Kissing polytopes in dimension 3
Antoine Deza, Zhongyuan Liu, Lionel Pournin
TL;DR
This paper determines the exact minimal distance between disjoint lattice $(3,k)$-polytopes inside the cube for all $k\neq 3$, proving the distance is $\varepsilon(3,k)=1/\sqrt{2(2k^2-4k+5)(2k^2-2k+1)}$. The authors recast the geometric problem as a discrete optimization over lattice points in $[-k,k]^9$, expressing the distance bound as $\frac{|f(x)|}{\sqrt{g(x)}}$ where $g(x)=(x_1x_5-x_2x_4)^2+(x_1x_6-x_3x_4)^2+(x_2x_6-x_3x_5)^2$ and $f(x)=x_1(x_6x_8-x_5x_9)+x_2(x_4x_9-x_6x_7)+x_3(x_5x_7-x_4x_8)$. The analysis shows point–triangle configurations cannot achieve the minimum for $k\geq8$, reducing the problem to pairs of line segments. For $k\geq6$ the search further reduces to a finite, $k$-independent set, and symbolic computation identifies eight representative lattice points corresponding to the extremal pair $P^*,Q^*$; this yields the closed-form distance and confirms the formula across all admissible $k$, with small-$k$ cases verified separately.
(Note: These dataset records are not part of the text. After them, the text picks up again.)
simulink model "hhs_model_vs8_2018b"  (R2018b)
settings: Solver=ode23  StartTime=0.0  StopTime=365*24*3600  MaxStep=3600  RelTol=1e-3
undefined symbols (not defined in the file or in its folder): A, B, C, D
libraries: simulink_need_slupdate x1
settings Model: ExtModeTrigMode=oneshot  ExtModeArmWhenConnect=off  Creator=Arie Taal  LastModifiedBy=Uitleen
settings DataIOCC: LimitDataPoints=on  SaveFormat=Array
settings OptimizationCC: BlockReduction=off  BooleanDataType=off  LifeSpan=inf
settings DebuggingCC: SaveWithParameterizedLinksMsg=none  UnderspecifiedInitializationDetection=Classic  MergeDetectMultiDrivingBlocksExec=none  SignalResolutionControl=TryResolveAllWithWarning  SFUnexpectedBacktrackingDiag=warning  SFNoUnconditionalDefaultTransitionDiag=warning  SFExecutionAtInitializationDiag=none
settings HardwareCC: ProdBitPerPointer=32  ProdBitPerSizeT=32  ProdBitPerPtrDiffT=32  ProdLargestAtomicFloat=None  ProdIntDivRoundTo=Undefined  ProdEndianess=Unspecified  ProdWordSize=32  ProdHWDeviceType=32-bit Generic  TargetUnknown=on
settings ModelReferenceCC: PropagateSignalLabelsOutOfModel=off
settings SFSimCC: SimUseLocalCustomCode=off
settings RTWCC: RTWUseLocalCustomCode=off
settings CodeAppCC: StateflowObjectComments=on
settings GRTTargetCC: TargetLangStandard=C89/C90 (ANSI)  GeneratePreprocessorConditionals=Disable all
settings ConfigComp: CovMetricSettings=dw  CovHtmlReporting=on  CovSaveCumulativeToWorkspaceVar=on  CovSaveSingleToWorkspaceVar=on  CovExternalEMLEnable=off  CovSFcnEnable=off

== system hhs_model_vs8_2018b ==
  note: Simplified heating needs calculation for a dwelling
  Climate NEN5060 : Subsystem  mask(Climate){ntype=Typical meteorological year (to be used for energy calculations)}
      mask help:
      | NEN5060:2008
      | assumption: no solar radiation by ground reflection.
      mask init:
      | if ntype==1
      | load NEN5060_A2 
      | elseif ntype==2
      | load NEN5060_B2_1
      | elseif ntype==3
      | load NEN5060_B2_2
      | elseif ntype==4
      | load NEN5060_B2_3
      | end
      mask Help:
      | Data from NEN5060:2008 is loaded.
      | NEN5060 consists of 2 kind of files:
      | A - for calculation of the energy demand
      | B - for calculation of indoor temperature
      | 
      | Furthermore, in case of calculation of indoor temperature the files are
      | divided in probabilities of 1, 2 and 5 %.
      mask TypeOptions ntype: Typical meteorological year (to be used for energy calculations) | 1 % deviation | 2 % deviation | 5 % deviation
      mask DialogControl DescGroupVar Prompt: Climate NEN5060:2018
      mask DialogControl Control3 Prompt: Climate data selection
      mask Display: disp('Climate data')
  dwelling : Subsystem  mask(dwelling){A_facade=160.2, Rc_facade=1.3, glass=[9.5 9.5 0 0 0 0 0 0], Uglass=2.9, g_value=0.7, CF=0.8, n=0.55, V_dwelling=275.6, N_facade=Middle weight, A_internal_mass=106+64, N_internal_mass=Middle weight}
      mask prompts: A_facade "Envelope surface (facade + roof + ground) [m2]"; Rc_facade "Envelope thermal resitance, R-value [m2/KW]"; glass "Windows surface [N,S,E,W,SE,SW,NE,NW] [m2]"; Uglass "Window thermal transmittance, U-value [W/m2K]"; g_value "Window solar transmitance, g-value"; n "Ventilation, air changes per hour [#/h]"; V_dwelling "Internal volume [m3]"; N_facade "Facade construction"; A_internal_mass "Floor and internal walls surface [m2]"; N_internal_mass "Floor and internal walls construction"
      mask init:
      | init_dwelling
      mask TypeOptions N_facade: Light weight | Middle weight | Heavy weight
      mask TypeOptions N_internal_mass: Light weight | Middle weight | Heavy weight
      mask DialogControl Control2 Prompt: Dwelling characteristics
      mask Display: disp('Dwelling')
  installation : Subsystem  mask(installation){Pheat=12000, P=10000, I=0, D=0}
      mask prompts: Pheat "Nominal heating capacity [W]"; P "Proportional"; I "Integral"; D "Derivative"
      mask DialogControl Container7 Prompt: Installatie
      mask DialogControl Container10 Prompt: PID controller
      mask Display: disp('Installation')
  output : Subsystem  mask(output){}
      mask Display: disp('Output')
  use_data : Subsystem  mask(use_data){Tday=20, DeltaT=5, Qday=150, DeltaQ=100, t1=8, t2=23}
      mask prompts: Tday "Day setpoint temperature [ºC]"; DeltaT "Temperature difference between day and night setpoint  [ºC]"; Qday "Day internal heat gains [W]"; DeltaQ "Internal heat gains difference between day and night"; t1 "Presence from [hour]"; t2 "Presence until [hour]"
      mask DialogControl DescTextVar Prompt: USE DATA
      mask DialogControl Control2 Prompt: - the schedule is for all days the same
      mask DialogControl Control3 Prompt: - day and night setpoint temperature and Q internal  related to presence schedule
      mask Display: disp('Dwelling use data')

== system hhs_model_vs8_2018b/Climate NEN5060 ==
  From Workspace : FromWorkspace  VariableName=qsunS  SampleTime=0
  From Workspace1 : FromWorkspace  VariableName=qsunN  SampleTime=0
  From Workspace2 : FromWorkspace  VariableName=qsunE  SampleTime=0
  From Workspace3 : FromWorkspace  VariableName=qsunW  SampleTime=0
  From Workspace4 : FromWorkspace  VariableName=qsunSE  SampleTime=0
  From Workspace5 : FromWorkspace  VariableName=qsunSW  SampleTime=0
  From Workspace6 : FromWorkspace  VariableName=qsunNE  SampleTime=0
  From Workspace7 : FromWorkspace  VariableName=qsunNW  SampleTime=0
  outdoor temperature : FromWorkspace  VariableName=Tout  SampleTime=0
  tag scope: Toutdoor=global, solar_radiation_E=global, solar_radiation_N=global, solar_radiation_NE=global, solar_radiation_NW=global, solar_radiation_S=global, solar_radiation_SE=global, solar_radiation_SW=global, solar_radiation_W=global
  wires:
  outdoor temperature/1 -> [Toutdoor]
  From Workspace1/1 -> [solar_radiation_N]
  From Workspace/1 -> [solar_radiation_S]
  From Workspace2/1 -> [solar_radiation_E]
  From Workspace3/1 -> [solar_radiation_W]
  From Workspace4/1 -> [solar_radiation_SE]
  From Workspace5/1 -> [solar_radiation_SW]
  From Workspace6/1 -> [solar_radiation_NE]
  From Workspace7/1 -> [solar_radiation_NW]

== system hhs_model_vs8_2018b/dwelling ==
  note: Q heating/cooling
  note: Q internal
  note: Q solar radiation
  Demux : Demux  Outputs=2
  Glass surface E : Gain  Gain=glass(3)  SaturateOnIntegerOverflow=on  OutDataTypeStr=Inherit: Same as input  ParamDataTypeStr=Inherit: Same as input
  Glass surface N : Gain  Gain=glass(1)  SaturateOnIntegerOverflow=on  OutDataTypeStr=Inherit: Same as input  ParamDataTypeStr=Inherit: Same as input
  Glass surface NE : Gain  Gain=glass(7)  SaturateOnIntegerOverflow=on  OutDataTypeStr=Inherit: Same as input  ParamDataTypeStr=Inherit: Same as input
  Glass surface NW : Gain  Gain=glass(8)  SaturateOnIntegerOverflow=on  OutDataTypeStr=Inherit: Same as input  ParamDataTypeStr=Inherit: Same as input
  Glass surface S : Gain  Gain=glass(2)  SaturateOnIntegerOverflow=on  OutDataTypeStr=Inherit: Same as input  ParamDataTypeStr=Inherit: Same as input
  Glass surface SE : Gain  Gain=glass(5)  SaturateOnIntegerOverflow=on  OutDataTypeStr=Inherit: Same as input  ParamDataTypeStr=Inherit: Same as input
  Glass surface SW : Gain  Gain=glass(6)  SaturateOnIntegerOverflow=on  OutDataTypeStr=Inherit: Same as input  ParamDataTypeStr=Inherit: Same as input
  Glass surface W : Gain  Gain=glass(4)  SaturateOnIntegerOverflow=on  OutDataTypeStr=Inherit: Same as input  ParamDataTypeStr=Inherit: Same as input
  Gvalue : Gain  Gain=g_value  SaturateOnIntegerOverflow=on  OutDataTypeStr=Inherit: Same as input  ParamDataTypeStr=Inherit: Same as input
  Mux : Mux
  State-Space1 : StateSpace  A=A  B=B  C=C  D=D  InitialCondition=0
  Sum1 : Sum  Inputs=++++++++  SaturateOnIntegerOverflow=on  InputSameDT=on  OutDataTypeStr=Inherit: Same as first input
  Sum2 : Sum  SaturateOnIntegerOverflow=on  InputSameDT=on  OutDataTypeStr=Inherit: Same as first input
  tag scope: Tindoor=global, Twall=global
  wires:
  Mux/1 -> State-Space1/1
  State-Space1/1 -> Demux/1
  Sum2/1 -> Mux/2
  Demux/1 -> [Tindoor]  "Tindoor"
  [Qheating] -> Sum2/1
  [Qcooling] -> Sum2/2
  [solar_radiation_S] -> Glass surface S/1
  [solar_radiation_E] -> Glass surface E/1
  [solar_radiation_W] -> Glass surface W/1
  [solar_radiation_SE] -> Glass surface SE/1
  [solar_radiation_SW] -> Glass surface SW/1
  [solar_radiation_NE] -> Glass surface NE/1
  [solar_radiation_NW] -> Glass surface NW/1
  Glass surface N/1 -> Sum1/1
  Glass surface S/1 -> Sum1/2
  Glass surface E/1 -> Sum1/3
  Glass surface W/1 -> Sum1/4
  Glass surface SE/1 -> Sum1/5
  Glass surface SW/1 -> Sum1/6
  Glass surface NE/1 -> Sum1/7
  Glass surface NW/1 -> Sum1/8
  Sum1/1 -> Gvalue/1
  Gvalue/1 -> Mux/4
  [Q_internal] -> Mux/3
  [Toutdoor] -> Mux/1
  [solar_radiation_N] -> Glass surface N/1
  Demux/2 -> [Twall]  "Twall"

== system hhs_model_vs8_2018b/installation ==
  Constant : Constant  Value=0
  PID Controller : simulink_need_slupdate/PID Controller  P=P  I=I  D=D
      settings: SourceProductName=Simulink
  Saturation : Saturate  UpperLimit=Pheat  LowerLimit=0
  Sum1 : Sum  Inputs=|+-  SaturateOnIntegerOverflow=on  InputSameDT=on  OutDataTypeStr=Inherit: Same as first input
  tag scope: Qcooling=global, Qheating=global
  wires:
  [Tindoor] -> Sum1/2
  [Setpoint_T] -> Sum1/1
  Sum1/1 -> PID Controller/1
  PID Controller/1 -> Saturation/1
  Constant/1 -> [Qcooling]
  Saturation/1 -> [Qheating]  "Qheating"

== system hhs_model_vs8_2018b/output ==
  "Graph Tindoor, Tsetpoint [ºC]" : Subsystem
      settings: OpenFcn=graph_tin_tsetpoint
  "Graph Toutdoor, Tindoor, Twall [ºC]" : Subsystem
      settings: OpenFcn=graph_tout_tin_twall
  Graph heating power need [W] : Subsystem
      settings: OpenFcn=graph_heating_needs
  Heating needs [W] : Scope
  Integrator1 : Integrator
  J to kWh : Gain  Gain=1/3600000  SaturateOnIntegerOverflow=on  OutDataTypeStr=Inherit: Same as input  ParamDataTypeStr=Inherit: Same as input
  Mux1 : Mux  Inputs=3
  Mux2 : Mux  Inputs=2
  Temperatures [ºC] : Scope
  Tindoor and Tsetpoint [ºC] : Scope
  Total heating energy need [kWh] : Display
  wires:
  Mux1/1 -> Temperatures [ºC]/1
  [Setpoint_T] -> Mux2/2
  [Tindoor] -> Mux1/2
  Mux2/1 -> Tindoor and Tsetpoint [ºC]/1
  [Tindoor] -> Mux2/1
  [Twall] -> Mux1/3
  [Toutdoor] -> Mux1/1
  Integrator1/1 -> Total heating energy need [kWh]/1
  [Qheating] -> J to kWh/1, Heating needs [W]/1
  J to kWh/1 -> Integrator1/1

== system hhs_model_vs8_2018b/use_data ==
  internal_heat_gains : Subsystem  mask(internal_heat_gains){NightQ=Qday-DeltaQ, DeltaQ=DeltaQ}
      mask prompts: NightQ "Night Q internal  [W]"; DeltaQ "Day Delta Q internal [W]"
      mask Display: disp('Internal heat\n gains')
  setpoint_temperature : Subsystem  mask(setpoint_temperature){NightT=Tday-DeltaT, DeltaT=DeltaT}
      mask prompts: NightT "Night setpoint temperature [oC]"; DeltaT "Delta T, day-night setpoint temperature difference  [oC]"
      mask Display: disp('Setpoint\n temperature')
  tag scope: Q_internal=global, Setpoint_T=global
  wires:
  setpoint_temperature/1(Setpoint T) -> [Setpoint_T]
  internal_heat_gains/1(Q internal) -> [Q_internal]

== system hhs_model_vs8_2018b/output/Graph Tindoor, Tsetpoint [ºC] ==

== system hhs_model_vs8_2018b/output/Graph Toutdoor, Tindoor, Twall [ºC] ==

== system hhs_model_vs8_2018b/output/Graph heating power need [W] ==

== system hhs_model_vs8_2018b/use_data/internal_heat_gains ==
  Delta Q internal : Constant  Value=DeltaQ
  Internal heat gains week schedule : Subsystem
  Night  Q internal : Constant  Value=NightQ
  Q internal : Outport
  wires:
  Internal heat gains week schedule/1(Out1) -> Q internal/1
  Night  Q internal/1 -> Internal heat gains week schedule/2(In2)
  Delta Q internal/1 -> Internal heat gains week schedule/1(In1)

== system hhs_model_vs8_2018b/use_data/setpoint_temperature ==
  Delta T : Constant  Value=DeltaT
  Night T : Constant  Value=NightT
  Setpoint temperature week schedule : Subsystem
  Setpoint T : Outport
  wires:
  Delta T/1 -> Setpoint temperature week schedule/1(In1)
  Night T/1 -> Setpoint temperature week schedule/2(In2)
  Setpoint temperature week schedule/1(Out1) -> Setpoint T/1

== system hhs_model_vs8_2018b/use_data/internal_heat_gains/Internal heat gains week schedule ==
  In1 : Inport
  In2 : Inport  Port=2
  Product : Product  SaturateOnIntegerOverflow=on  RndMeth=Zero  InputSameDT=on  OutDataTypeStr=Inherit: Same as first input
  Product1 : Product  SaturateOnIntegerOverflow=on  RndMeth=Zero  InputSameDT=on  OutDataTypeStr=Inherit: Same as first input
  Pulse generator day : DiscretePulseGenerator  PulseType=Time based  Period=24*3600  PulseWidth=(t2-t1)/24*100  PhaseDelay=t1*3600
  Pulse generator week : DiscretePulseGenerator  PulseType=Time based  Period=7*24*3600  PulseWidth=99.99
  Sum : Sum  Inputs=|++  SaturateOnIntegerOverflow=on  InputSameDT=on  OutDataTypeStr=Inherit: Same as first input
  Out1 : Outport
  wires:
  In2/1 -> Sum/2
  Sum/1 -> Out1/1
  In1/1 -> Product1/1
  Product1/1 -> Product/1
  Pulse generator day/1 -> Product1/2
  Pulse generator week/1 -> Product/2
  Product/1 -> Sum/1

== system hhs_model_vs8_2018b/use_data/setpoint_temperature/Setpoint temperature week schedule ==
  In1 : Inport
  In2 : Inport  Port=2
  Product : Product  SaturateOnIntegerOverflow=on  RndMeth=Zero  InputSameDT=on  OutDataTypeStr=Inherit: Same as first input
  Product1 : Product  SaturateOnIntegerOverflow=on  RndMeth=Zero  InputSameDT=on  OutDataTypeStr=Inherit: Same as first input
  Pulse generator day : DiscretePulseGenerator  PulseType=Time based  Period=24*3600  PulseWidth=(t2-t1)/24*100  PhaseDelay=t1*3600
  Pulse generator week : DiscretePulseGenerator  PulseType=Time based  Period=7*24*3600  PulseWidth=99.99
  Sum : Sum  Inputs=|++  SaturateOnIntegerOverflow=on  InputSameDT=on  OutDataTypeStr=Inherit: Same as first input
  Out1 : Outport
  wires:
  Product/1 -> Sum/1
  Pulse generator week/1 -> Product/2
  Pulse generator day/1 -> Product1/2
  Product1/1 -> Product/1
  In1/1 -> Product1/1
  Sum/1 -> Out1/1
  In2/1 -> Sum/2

The results provide exact kissing-distance values in 3D, offering precise stopping criteria for projection-based algorithms and contributing to the combinatorial geometry of lattice polytopes.
Abstract
It is shown that the smallest possible distance between two disjoint lattice polytopes contained in the cube $[0,k]^3$ is exactly $$ \frac{1}{\sqrt{2(2k^2-4k+5)(2k^2-2k+1)}} $$ for every integer $k$ at least $4$. The proof relies on modeling this as a minimization problem over a subset of the lattice points in the hypercube $[-k,k]^9$. A precise characterization of this subset allows to reduce the problem to computing the roots of a finite number of degree at most $4$ polynomials, which is done using symbolic computation.